REQUIREMENT: Every line in the entries where "rotate" is found should be copied.

☆ ☆ ☆ ☆ ☆

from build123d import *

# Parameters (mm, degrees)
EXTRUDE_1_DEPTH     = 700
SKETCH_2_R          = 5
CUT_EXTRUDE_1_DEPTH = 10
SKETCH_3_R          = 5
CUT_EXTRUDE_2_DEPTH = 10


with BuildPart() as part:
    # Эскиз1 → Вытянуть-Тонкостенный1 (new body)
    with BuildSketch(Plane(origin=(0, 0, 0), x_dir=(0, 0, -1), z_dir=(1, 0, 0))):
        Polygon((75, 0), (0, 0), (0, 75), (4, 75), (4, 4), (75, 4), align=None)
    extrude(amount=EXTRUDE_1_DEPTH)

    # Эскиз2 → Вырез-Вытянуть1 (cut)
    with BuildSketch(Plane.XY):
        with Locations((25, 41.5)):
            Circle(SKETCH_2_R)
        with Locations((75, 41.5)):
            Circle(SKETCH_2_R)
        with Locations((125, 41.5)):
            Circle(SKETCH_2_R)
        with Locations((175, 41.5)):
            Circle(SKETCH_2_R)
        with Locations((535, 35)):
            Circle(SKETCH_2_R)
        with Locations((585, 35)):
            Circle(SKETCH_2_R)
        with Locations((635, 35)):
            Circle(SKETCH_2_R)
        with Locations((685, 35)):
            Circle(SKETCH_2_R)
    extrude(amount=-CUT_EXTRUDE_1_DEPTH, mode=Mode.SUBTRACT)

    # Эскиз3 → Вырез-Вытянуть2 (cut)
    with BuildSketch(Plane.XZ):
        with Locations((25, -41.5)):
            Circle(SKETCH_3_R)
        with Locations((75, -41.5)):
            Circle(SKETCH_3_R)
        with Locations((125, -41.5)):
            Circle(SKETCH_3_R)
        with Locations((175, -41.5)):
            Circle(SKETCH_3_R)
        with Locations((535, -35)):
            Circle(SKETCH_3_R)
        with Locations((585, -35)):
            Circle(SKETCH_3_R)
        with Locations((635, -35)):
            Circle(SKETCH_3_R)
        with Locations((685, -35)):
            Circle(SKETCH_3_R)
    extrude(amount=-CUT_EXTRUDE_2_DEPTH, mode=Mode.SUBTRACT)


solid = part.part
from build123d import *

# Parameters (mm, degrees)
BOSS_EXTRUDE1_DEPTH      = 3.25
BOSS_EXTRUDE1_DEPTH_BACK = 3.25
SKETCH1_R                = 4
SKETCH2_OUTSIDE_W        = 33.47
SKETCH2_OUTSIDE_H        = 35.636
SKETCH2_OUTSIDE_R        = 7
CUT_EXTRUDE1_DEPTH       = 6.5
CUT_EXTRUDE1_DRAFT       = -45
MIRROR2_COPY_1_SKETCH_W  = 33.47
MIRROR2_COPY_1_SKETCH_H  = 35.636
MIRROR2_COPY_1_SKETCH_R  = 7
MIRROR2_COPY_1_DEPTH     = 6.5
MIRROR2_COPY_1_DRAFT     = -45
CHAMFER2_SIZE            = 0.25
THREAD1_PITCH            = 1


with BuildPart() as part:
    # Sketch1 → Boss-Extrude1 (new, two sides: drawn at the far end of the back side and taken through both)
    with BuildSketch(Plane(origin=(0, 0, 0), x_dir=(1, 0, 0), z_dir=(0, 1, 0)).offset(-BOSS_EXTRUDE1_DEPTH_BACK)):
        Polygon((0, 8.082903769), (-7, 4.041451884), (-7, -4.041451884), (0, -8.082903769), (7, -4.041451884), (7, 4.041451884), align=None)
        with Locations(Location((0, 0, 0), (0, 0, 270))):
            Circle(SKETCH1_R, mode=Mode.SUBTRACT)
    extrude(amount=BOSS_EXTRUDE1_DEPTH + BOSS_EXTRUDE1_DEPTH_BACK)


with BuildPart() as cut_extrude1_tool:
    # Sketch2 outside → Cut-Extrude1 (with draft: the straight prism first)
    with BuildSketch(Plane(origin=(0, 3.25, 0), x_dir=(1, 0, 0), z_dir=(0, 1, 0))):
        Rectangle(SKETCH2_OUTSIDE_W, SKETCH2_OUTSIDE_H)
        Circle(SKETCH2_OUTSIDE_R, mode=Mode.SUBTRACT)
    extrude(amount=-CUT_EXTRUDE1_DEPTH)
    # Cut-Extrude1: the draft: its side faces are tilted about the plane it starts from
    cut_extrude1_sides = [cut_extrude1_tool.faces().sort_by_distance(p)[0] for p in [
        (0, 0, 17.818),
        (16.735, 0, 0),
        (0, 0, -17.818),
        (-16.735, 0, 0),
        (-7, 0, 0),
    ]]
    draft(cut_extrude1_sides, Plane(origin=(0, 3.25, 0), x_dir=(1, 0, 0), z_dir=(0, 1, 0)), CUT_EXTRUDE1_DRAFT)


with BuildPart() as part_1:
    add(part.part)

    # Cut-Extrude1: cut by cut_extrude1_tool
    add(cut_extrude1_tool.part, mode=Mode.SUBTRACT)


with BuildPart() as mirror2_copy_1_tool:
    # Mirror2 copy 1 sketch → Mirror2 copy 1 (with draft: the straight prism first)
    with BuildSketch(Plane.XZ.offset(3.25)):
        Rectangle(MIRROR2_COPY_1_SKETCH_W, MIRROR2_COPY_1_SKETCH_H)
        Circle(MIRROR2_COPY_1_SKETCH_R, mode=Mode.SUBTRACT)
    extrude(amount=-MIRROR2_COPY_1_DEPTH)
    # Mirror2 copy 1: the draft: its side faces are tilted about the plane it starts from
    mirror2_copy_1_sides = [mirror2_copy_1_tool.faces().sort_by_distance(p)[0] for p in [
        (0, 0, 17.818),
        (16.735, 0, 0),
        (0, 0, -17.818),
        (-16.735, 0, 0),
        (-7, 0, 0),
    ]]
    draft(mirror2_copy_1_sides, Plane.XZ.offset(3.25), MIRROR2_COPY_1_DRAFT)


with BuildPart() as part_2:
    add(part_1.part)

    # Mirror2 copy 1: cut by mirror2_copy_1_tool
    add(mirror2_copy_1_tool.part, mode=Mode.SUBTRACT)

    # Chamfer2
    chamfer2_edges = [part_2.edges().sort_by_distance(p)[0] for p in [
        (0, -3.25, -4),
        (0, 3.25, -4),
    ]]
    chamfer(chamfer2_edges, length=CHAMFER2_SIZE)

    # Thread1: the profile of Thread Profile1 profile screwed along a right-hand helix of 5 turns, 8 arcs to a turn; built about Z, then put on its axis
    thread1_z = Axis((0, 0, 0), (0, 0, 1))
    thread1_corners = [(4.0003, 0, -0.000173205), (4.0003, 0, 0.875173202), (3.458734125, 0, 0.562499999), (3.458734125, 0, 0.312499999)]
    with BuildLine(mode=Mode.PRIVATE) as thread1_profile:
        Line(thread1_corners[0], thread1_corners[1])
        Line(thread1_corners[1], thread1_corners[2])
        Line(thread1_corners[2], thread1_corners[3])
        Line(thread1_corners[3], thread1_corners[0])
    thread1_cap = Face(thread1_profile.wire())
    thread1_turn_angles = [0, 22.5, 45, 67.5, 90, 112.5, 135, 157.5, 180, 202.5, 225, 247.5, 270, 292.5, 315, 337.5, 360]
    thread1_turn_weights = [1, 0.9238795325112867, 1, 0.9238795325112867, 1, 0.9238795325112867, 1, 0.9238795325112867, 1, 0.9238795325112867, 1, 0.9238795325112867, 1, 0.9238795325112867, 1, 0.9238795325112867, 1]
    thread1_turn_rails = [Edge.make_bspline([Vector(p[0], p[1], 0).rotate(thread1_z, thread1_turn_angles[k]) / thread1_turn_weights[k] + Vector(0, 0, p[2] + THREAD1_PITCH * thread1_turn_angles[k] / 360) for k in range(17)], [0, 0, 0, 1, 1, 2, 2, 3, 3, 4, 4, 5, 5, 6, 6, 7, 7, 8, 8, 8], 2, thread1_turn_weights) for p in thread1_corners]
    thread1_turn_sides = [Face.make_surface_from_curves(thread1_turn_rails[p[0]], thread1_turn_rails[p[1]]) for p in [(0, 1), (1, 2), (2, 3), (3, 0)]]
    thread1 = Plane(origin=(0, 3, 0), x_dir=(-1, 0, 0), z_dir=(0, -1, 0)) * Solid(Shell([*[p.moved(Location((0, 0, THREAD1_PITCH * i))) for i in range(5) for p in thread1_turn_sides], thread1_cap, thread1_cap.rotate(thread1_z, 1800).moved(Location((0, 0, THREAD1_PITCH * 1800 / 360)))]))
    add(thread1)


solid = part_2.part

☆ ☆ ☆ ☆ ☆

REPLY TO THE TASK:
    thread1_turn_rails = [Edge.make_bspline([Vector(p[0], p[1], 0).rotate(thread1_z, thread1_turn_angles[k]) / thread1_turn_weights[k] + Vector(0, 0, p[2] + THREAD1_PITCH * thread1_turn_angles[k] / 360) for k in range(17)], [0, 0, 0, 1, 1, 2, 2, 3, 3, 4, 4, 5, 5, 6, 6, 7, 7, 8, 8, 8], 2, thread1_turn_weights) for p in thread1_corners]
    thread1 = Plane(origin=(0, 3, 0), x_dir=(-1, 0, 0), z_dir=(0, -1, 0)) * Solid(Shell([*[p.moved(Location((0, 0, THREAD1_PITCH * i))) for i in range(5) for p in thread1_turn_sides], thread1_cap, thread1_cap.rotate(thread1_z, 1800).moved(Location((0, 0, THREAD1_PITCH * 1800 / 360)))]))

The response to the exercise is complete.